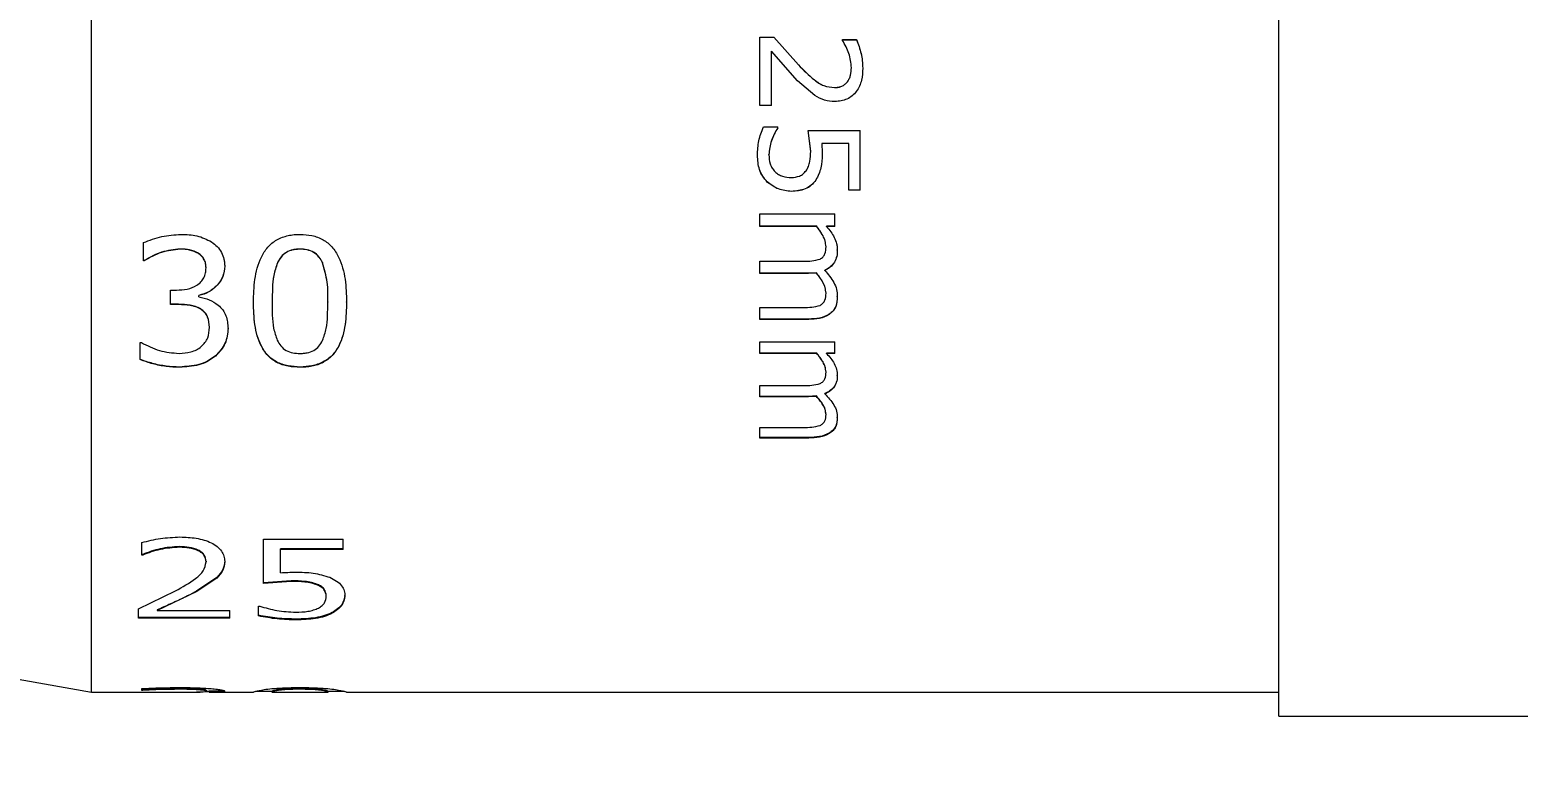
# Model space of a CAD drawing. Header units: millimetres. Extents: x 2 to 278, y 1 to 215.
# Drawn here: x 75.23 to 86.54, y 107.14 to 112.8 of the extents above; entities that cross this region are included whole.
import ezdxf

# ---------------------------------------------------------------- set-up
doc = ezdxf.new("R2010")
doc.units = ezdxf.units.MM
doc.styles.add('SLDTEXTSTYLE0', font='TXT', dxfattribs={"width": 0.75})
doc.dimstyles.new('SLDDIMSTYLE0', dxfattribs={"dimtxt": 2.116667, "dimasz": 3.175, "dimexe": 0, "dimexo": 0.0625, "dimgap": 0.529167, "dimtad": 0, "dimtih": 1, "dimtoh": 1, "dimdec": 1, "dimlfac": 2, "dimrnd": 1e-09, "dimzin": 12, "dimdsep": 46, "dimtxsty": 'SLDTEXTSTYLE0', "dimsah": 1, "dimcen": 0.09, "dimadec": 0, "dimazin": 3, "dimtfac": 1, "dimtdec": 1, "dimtofl": 0, "dimtmove": 0, "dimatfit": 3, "dimfxl": 1, "dimfrac": 2, "dimtolj": 1, "dimtzin": 12, "dimarcsym": 0})

# ---------------------------------------------------------------- blocks, each defined once
blk = doc.blocks.new('_D_7')
at = {"color": 7, "linetype": 'Continuous', "lineweight": 0}
for p, q in [((97.852, 108.976), (97.852, 92.279)), ((40.882, 103.823), (40.882, 92.279)), ((65.489, 96.009), (64.845, 96.009)), ((64.845, 96.009), (64.845, 92.646)), ((73.246, 96.009), (73.89, 96.009)), ((73.89, 96.009), (73.89, 92.646)), ((40.882, 94.057), (62.308, 94.057)), ((97.852, 94.057), (76.427, 94.057)), ((64.845, 92.646), (65.489, 92.646)), ((73.89, 92.646), (73.246, 92.646))]:
    blk.add_line(p, q, dxfattribs=at)
at = {"color": 7, "linetype": 'Continuous', "lineweight": 18}
for points in [[(40.882, 94.057), (44.057, 93.549), (44.057, 94.565)], [(97.852, 94.057), (94.677, 94.565), (94.677, 93.549)]]:
    blk.add_solid(points, dxfattribs=at)
at = {"color": 7, "linetype": 'Continuous', "lineweight": 18, "char_height": 2.1167, "attachment_point": 1, "style": 'SLDTEXTSTYLE0'}
for s, insert in [('113.9mm', (63.203, 99.167)), ('4.49in', (65.489, 95.375)), ('NOMINAL', (62.737, 91.582))]:
    blk.add_mtext(s, dxfattribs=dict(at, insert=insert))

msp = doc.modelspace()

# ---------------------------------------------------------------- linework, layer by layer
at = {"color": 7, "linetype": 'Continuous', "lineweight": 18}
for p, q in [((84.723, 107.578), (84.723, 114.723)), ((75.701, 107.76), (75.701, 114.616)), ((80.781, 112.742), (80.887, 112.742)), ((80.781, 112.223), (80.781, 112.742)), ((80.781, 112.741), (80.887, 112.741)), ((80.887, 112.742), (81.073, 112.532)), ((80.887, 112.742), (80.887, 112.741)), ((80.887, 112.741), (81.073, 112.531)), ((81.408, 112.723), (81.515, 112.723)), ((81.408, 112.717), (81.408, 112.723)), ((81.408, 112.722), (81.515, 112.722)), ((81.515, 112.723), (81.515, 112.722)), ((80.868, 112.223), (80.868, 112.635)), ((81.067, 112.41), (80.868, 112.635)), ((81.073, 112.532), (81.073, 112.531)), ((81.476, 112.509), (81.476, 112.508)), ((81.562, 112.506), (81.562, 112.506)), ((81.198, 112.297), (81.067, 112.41)), ((81.348, 112.358), (81.348, 112.358)), ((80.868, 112.223), (80.781, 112.223)), ((80.807, 112.059), (80.916, 112.059)), ((80.916, 112.052), (80.916, 112.059)), ((81.148, 112.031), (81.543, 112.031)), ((81.167, 111.873), (81.148, 112.031)), ((81.167, 111.874), (81.148, 112.031)), ((81.543, 111.578), (81.543, 112.031)), ((81.167, 111.873), (81.167, 111.874)), ((81.456, 111.934), (81.25, 111.934)), ((81.456, 111.934), (81.25, 111.934)), ((81.25, 111.934), (81.25, 111.934)), ((81.456, 111.578), (81.456, 111.934)), ((81.456, 111.934), (81.456, 111.934)), ((80.762, 111.844), (80.762, 111.844)), ((80.849, 111.847), (80.849, 111.848)), ((81.254, 111.849), (81.254, 111.849)), ((80.836, 111.64), (80.836, 111.641)), ((81.206, 111.655), (81.206, 111.655)), ((81.021, 111.569), (81.021, 111.569)), ((81.543, 111.579), (81.456, 111.579)), ((81.543, 111.578), (81.456, 111.578)), ((80.781, 111.397), (81.35, 111.397)), ((80.781, 111.302), (80.781, 111.397)), ((81.213, 111.303), (80.781, 111.303)), ((81.213, 111.302), (80.781, 111.302)), ((81.213, 111.302), (81.213, 111.303)), ((81.35, 111.303), (81.287, 111.303)), ((81.287, 111.302), (81.287, 111.303)), ((81.35, 111.302), (81.287, 111.302)), ((81.35, 111.302), (81.35, 111.397)), ((76.097, 111.041), (76.097, 111.179)), ((76.376, 111.129), (76.376, 111.13)), ((76.514, 111.097), (76.514, 111.099)), ((77.286, 111.13), (77.286, 111.129)), ((81.283, 111.148), (81.283, 111.15)), ((81.369, 111.121), (81.369, 111.123)), ((76.103, 111.043), (76.097, 111.043)), ((76.103, 111.041), (76.097, 111.041)), ((76.103, 111.041), (76.103, 111.043)), ((76.572, 110.987), (76.572, 110.989)), ((76.714, 110.999), (76.714, 111)), ((77.114, 111.026), (77.114, 111.024)), ((77.457, 111.027), (77.457, 111.025)), ((80.781, 111.038), (81.11, 111.038)), ((80.781, 110.944), (80.781, 111.038)), ((81.21, 110.95), (81.151, 110.946)), ((81.21, 110.948), (81.21, 110.95)), ((81.274, 110.968), (81.274, 110.969)), ((81.151, 110.946), (80.781, 110.946)), ((81.151, 110.944), (80.781, 110.944)), ((81.21, 110.948), (81.151, 110.944)), ((81.151, 110.944), (81.151, 110.946)), ((76.302, 110.818), (76.349, 110.818)), ((76.302, 110.708), (76.302, 110.818)), ((76.518, 110.776), (76.518, 110.778)), ((76.518, 110.767), (76.518, 110.776)), ((76.933, 110.725), (76.933, 110.727)), ((77.074, 110.727), (77.074, 110.725)), ((77.498, 110.729), (77.498, 110.727)), ((77.64, 110.727), (77.64, 110.729)), ((81.283, 110.794), (81.283, 110.796)), ((81.369, 110.768), (81.369, 110.77)), ((76.364, 110.71), (76.302, 110.71)), ((76.364, 110.708), (76.302, 110.708)), ((76.364, 110.708), (76.364, 110.71)), ((76.533, 110.673), (76.533, 110.675)), ((80.781, 110.686), (81.11, 110.686)), ((80.781, 110.595), (80.781, 110.686)), ((76.598, 110.535), (76.598, 110.537)), ((76.74, 110.527), (76.74, 110.529)), ((81.153, 110.597), (80.781, 110.597)), ((81.153, 110.595), (80.781, 110.595)), ((81.153, 110.595), (81.153, 110.597)), ((76.071, 110.419), (76.081, 110.419)), ((76.071, 110.289), (76.071, 110.419)), ((80.781, 110.424), (81.35, 110.424)), ((80.781, 110.336), (80.781, 110.424)), ((81.35, 110.336), (81.35, 110.424)), ((76.644, 110.316), (76.644, 110.318)), ((81.213, 110.338), (80.781, 110.338)), ((81.213, 110.336), (80.781, 110.336)), ((81.213, 110.336), (81.213, 110.338)), ((81.35, 110.338), (81.287, 110.338)), ((81.287, 110.336), (81.287, 110.338)), ((81.35, 110.336), (81.287, 110.336)), ((76.371, 110.231), (76.371, 110.233)), ((77.286, 110.231), (77.286, 110.233)), ((81.283, 110.194), (81.283, 110.196)), ((81.369, 110.169), (81.369, 110.172)), ((80.781, 110.092), (81.11, 110.092)), ((80.781, 110.007), (80.781, 110.092)), ((81.151, 110.01), (80.781, 110.01)), ((81.151, 110.007), (80.781, 110.007)), ((81.21, 110.013), (81.151, 110.01)), ((81.21, 110.01), (81.151, 110.007)), ((81.151, 110.007), (81.151, 110.01)), ((81.21, 110.01), (81.21, 110.013)), ((81.274, 110.028), (81.274, 110.031)), ((81.283, 109.871), (81.283, 109.874)), ((81.369, 109.848), (81.369, 109.851)), ((80.781, 109.774), (81.11, 109.774)), ((80.781, 109.693), (80.781, 109.774)), ((81.153, 109.697), (80.781, 109.697)), ((81.153, 109.693), (80.781, 109.693)), ((81.153, 109.693), (81.153, 109.697)), ((77.01, 108.923), (77.614, 108.923)), ((77.01, 108.588), (77.01, 108.923)), ((77.614, 108.845), (77.614, 108.923)), ((76.084, 108.803), (76.084, 108.898)), ((76.091, 108.808), (76.084, 108.808)), ((76.091, 108.803), (76.084, 108.803)), ((76.091, 108.808), (76.091, 108.803)), ((76.371, 108.867), (76.371, 108.862)), ((77.614, 108.85), (77.138, 108.85)), ((77.138, 108.845), (77.138, 108.85)), ((77.138, 108.669), (77.138, 108.845)), ((77.614, 108.845), (77.138, 108.845)), ((76.572, 108.756), (76.572, 108.751)), ((76.714, 108.759), (76.714, 108.754)), ((76.655, 108.633), (76.503, 108.53)), ((76.655, 108.627), (76.503, 108.525)), ((76.655, 108.633), (76.655, 108.627)), ((77.219, 108.608), (77.01, 108.593)), ((77.219, 108.603), (77.01, 108.588)), ((77.219, 108.603), (77.219, 108.608)), ((77.418, 108.575), (77.418, 108.58)), ((76.058, 108.395), (76.341, 108.53)), ((76.503, 108.525), (76.202, 108.381)), ((76.503, 108.53), (76.503, 108.525)), ((77.486, 108.49), (77.486, 108.495)), ((77.627, 108.491), (77.627, 108.496)), ((76.058, 108.323), (76.058, 108.395)), ((76.202, 108.387), (76.202, 108.381)), ((76.202, 108.381), (76.752, 108.381)), ((76.752, 108.323), (76.752, 108.381)), ((76.971, 108.415), (76.981, 108.415)), ((76.971, 108.34), (76.971, 108.415)), ((77.531, 108.36), (77.531, 108.365)), ((76.752, 108.328), (76.058, 108.328)), ((76.752, 108.323), (76.058, 108.323)), ((77.259, 108.31), (77.259, 108.316)), ((74.765, 107.925), (75.701, 107.76)), ((76.084, 107.774), (76.084, 107.788)), ((76.371, 107.789), (76.371, 107.782)), ((77.286, 107.789), (77.286, 107.782)), ((75.701, 107.76), (76.434, 107.76)), ((76.091, 107.781), (76.084, 107.781)), ((76.091, 107.774), (76.084, 107.774)), ((76.091, 107.781), (76.091, 107.774)), ((76.655, 107.761), (76.503, 107.762)), ((76.565, 107.767), (76.597, 107.767)), ((76.572, 107.775), (76.572, 107.769)), ((76.655, 107.767), (76.597, 107.767)), ((76.597, 107.76), (76.934, 107.76)), ((76.655, 107.767), (76.655, 107.761)), ((76.934, 107.761), (76.933, 107.76)), ((76.96, 107.767), (76.944, 107.763)), ((76.951, 107.767), (77.074, 107.767)), ((77.071, 107.76), (77.501, 107.76)), ((77.074, 107.767), (77.074, 107.76)), ((77.074, 107.76), (77.074, 107.76)), ((77.114, 107.779), (77.114, 107.773)), ((77.457, 107.779), (77.457, 107.773)), ((77.498, 107.767), (77.621, 107.767)), ((77.498, 107.767), (77.498, 107.76)), ((77.498, 107.761), (77.498, 107.76)), ((77.628, 107.763), (77.613, 107.767)), ((77.64, 107.76), (77.639, 107.761)), ((77.639, 107.76), (84.723, 107.76)), ((84.723, 107.578), (95.351, 107.578))]:
    msp.add_line(p, q, dxfattribs=at)
for points, knots in [([(81.476, 112.509), (81.472, 112.546), (81.464, 112.62), (81.427, 112.685), (81.408, 112.717)], [0, 0, 0, 0, 0.499747, 1, 1, 1, 1]), ([(81.515, 112.723), (81.528, 112.688), (81.555, 112.618), (81.56, 112.544), (81.562, 112.506)], [0, 0, 0, 0, 0.500014, 1, 1, 1, 1]), ([(81.515, 112.722), (81.528, 112.687), (81.555, 112.617), (81.56, 112.543), (81.562, 112.506)], [0, 0, 0, 0, 0.500044, 1, 1, 1, 1]), ([(81.073, 112.532), (81.112, 112.492), (81.17, 112.433), (81.264, 112.367), (81.32, 112.361), (81.348, 112.358)], [0, 0, 0, 0, 0.501065, 0.750849, 1, 1, 1, 1]), ([(81.073, 112.531), (81.112, 112.491), (81.17, 112.432), (81.264, 112.367), (81.32, 112.361), (81.348, 112.358)], [0, 0, 0, 0, 0.50095, 0.750748, 1, 1, 1, 1]), ([(81.348, 112.358), (81.358, 112.359), (81.377, 112.36), (81.404, 112.368), (81.427, 112.382), (81.447, 112.402), (81.461, 112.427), (81.473, 112.462), (81.475, 112.49), (81.476, 112.509)], [0, 0, 0, 0, 0.135625, 0.250009, 0.375164, 0.499903, 0.622839, 0.75005, 1, 1, 1, 1]), ([(81.348, 112.358), (81.358, 112.358), (81.377, 112.359), (81.404, 112.368), (81.427, 112.382), (81.447, 112.402), (81.461, 112.426), (81.473, 112.461), (81.475, 112.49), (81.476, 112.508)], [0, 0, 0, 0, 0.135157, 0.250219, 0.375449, 0.500169, 0.623096, 0.750214, 1, 1, 1, 1]), ([(81.562, 112.506), (81.561, 112.475), (81.558, 112.413), (81.525, 112.34), (81.483, 112.294), (81.443, 112.269), (81.398, 112.255), (81.367, 112.253), (81.351, 112.252)], [0, 0, 0, 0, 0.250257, 0.499478, 0.624589, 0.749638, 0.874759, 1, 1, 1, 1]), ([(81.351, 112.252), (81.324, 112.254), (81.27, 112.257), (81.222, 112.284), (81.198, 112.297)], [0, 0, 0, 0, 0.500081, 1, 1, 1, 1]), ([(80.762, 111.844), (80.764, 111.881), (80.767, 111.955), (80.794, 112.024), (80.807, 112.059)], [0, 0, 0, 0, 0.497906, 1, 1, 1, 1]), ([(80.916, 112.052), (80.898, 112.02), (80.861, 111.957), (80.853, 111.884), (80.849, 111.847)], [0, 0, 0, 0, 0.5011457, 1, 1, 1, 1]), ([(80.916, 112.052), (80.898, 112.021), (80.861, 111.957), (80.853, 111.884), (80.849, 111.848)], [0, 0, 0, 0, 0.501206, 1, 1, 1, 1]), ([(81.131, 111.725), (81.138, 111.736), (81.152, 111.758), (81.164, 111.809), (81.166, 111.847), (81.167, 111.873)], [0, 0, 0, 0, 0.249718, 0.49974, 1, 1, 1, 1]), ([(81.25, 111.934), (81.251, 111.92), (81.253, 111.892), (81.254, 111.863), (81.254, 111.849)], [0, 0, 0, 0, 0.499995, 1, 1, 1, 1]), ([(80.836, 111.64), (80.824, 111.654), (80.8, 111.682), (80.768, 111.751), (80.764, 111.806), (80.762, 111.844)], [0, 0, 0, 0, 0.250283, 0.500645, 1, 1, 1, 1]), ([(80.836, 111.641), (80.824, 111.655), (80.8, 111.683), (80.768, 111.751), (80.764, 111.807), (80.762, 111.844)], [0, 0, 0, 0, 0.250366, 0.500739, 1, 1, 1, 1]), ([(80.849, 111.847), (80.85, 111.824), (80.853, 111.789), (80.872, 111.745), (80.887, 111.728), (80.895, 111.719)], [0, 0, 0, 0, 0.499669, 0.749771, 1, 1, 1, 1]), ([(81.254, 111.849), (81.253, 111.815), (81.252, 111.746), (81.221, 111.685), (81.206, 111.655)], [0, 0, 0, 0, 0.501285, 1, 1, 1, 1]), ([(81.254, 111.849), (81.253, 111.815), (81.252, 111.746), (81.221, 111.686), (81.206, 111.655)], [0, 0, 0, 0, 0.5012339, 1, 1, 1, 1]), ([(81.021, 111.569), (80.987, 111.572), (80.918, 111.579), (80.864, 111.62), (80.836, 111.641)], [0, 0, 0, 0, 0.500581, 1, 1, 1, 1]), ([(81.021, 111.569), (80.987, 111.572), (80.918, 111.578), (80.864, 111.62), (80.836, 111.64)], [0, 0, 0, 0, 0.500488, 1, 1, 1, 1]), ([(80.895, 111.719), (80.904, 111.711), (80.921, 111.697), (80.963, 111.678), (80.997, 111.676), (81.02, 111.674)], [0, 0, 0, 0, 0.250171, 0.500471, 1, 1, 1, 1]), ([(81.02, 111.674), (81.041, 111.676), (81.073, 111.679), (81.111, 111.7), (81.124, 111.717), (81.131, 111.725)], [0, 0, 0, 0, 0.499061, 0.749654, 1, 1, 1, 1]), ([(81.206, 111.655), (81.195, 111.641), (81.172, 111.613), (81.111, 111.575), (81.057, 111.571), (81.021, 111.569)], [0, 0, 0, 0, 0.2505266, 0.5010543, 1, 1, 1, 1]), ([(81.206, 111.655), (81.195, 111.641), (81.172, 111.614), (81.111, 111.576), (81.057, 111.572), (81.021, 111.569)], [0, 0, 0, 0, 0.250407, 0.500914, 1, 1, 1, 1]), ([(81.283, 111.15), (81.281, 111.164), (81.279, 111.192), (81.255, 111.245), (81.23, 111.28), (81.213, 111.303)], [0, 0, 0, 0, 0.2496682, 0.4996059, 1, 1, 1, 1]), ([(81.283, 111.148), (81.281, 111.162), (81.279, 111.191), (81.255, 111.244), (81.23, 111.279), (81.213, 111.302)], [0, 0, 0, 0, 0.249731, 0.499687, 1, 1, 1, 1]), ([(81.287, 111.302), (81.309, 111.275), (81.341, 111.235), (81.362, 111.18), (81.369, 111.147), (81.369, 111.13), (81.369, 111.121)], [0, 0, 0, 0, 0.499747, 0.749637, 0.874793, 1, 1, 1, 1]), ([(76.097, 111.179), (76.142, 111.197), (76.234, 111.232), (76.333, 111.239), (76.382, 111.242)], [0, 0, 0, 0, 0.50004, 1, 1, 1, 1]), ([(76.382, 111.242), (76.423, 111.241), (76.505, 111.239), (76.578, 111.203), (76.614, 111.185)], [0, 0, 0, 0, 0.5010366, 1, 1, 1, 1]), ([(76.614, 111.185), (76.629, 111.173), (76.659, 111.151), (76.692, 111.105), (76.708, 111.062), (76.713, 111.026), (76.714, 111.008), (76.714, 110.999)], [0, 0, 0, 0, 0.249978, 0.499762, 0.749539, 0.874741, 1, 1, 1, 1]), ([(76.933, 110.725), (76.934, 110.783), (76.938, 110.899), (76.974, 111.044), (77.037, 111.147), (77.108, 111.205), (77.181, 111.231), (77.241, 111.241), (77.271, 111.242), (77.286, 111.242)], [0, 0, 0, 0, 0.250459, 0.50023, 0.625184, 0.749909, 0.874716, 0.937346, 1, 1, 1, 1]), ([(77.286, 111.242), (77.317, 111.24), (77.377, 111.237), (77.463, 111.206), (77.534, 111.148), (77.597, 111.046), (77.635, 110.9), (77.638, 110.784), (77.64, 110.727)], [0, 0, 0, 0, 0.125108, 0.249996, 0.368839, 0.499677, 0.749515, 1, 1, 1, 1]), ([(76.376, 111.13), (76.328, 111.125), (76.23, 111.115), (76.146, 111.067), (76.103, 111.043)], [0, 0, 0, 0, 0.4996751, 1, 1, 1, 1]), ([(76.376, 111.129), (76.328, 111.124), (76.23, 111.113), (76.146, 111.065), (76.103, 111.041)], [0, 0, 0, 0, 0.499614, 1, 1, 1, 1]), ([(76.514, 111.099), (76.492, 111.109), (76.449, 111.129), (76.401, 111.13), (76.376, 111.13)], [0, 0, 0, 0, 0.498834, 1, 1, 1, 1]), ([(76.514, 111.097), (76.492, 111.107), (76.449, 111.128), (76.401, 111.128), (76.376, 111.129)], [0, 0, 0, 0, 0.498881, 1, 1, 1, 1]), ([(76.572, 110.989), (76.572, 110.999), (76.571, 111.021), (76.559, 111.052), (76.54, 111.079), (76.522, 111.092), (76.514, 111.099)], [0, 0, 0, 0, 0.250139, 0.499917, 0.749878, 1, 1, 1, 1]), ([(76.572, 110.987), (76.572, 110.998), (76.571, 111.019), (76.559, 111.05), (76.54, 111.077), (76.522, 111.09), (76.514, 111.097)], [0, 0, 0, 0, 0.25023, 0.500061, 0.749996, 1, 1, 1, 1]), ([(77.286, 111.13), (77.277, 111.13), (77.259, 111.129), (77.223, 111.124), (77.181, 111.108), (77.139, 111.072), (77.123, 111.041), (77.114, 111.026)], [0, 0, 0, 0, 0.1254224, 0.2507602, 0.5005268, 0.7500438, 1, 1, 1, 1]), ([(77.286, 111.129), (77.277, 111.128), (77.259, 111.128), (77.223, 111.123), (77.181, 111.107), (77.139, 111.071), (77.123, 111.04), (77.114, 111.024)], [0, 0, 0, 0, 0.125362, 0.250643, 0.500339, 0.749896, 1, 1, 1, 1]), ([(77.457, 111.027), (77.453, 111.035), (77.445, 111.05), (77.425, 111.079), (77.391, 111.109), (77.34, 111.128), (77.304, 111.129), (77.286, 111.13)], [0, 0, 0, 0, 0.1252506, 0.2504352, 0.499924, 0.7496336, 1, 1, 1, 1]), ([(77.457, 111.025), (77.453, 111.033), (77.445, 111.049), (77.425, 111.077), (77.391, 111.107), (77.34, 111.126), (77.304, 111.128), (77.286, 111.129)], [0, 0, 0, 0, 0.125334, 0.250583, 0.500113, 0.749751, 1, 1, 1, 1]), ([(81.238, 111.054), (81.246, 111.059), (81.262, 111.069), (81.281, 111.102), (81.282, 111.13), (81.283, 111.148)], [0, 0, 0, 0, 0.248695, 0.499864, 1, 1, 1, 1]), ([(81.369, 111.123), (81.369, 111.107), (81.367, 111.075), (81.349, 111.03), (81.322, 110.999), (81.296, 110.98), (81.281, 110.973), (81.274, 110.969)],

++++

WORK INSTRUCTION =>
Output the data above exactly, beginning at its first line and ending with the line that holds "doc.units = ezdxf.units.MM". Leave out the pictures and add nothing.

ANSWER TO THIS PROBLEM =>
# Model space of a CAD drawing. Header units: millimetres. Extents: x 2 to 278, y 1 to 215.
# Drawn here: x 75.23 to 86.54, y 107.14 to 112.8 of the extents above; entities that cross this region are included whole.
import ezdxf

# ---------------------------------------------------------------- set-up
doc = ezdxf.new("R2010")
doc.units = ezdxf.units.MM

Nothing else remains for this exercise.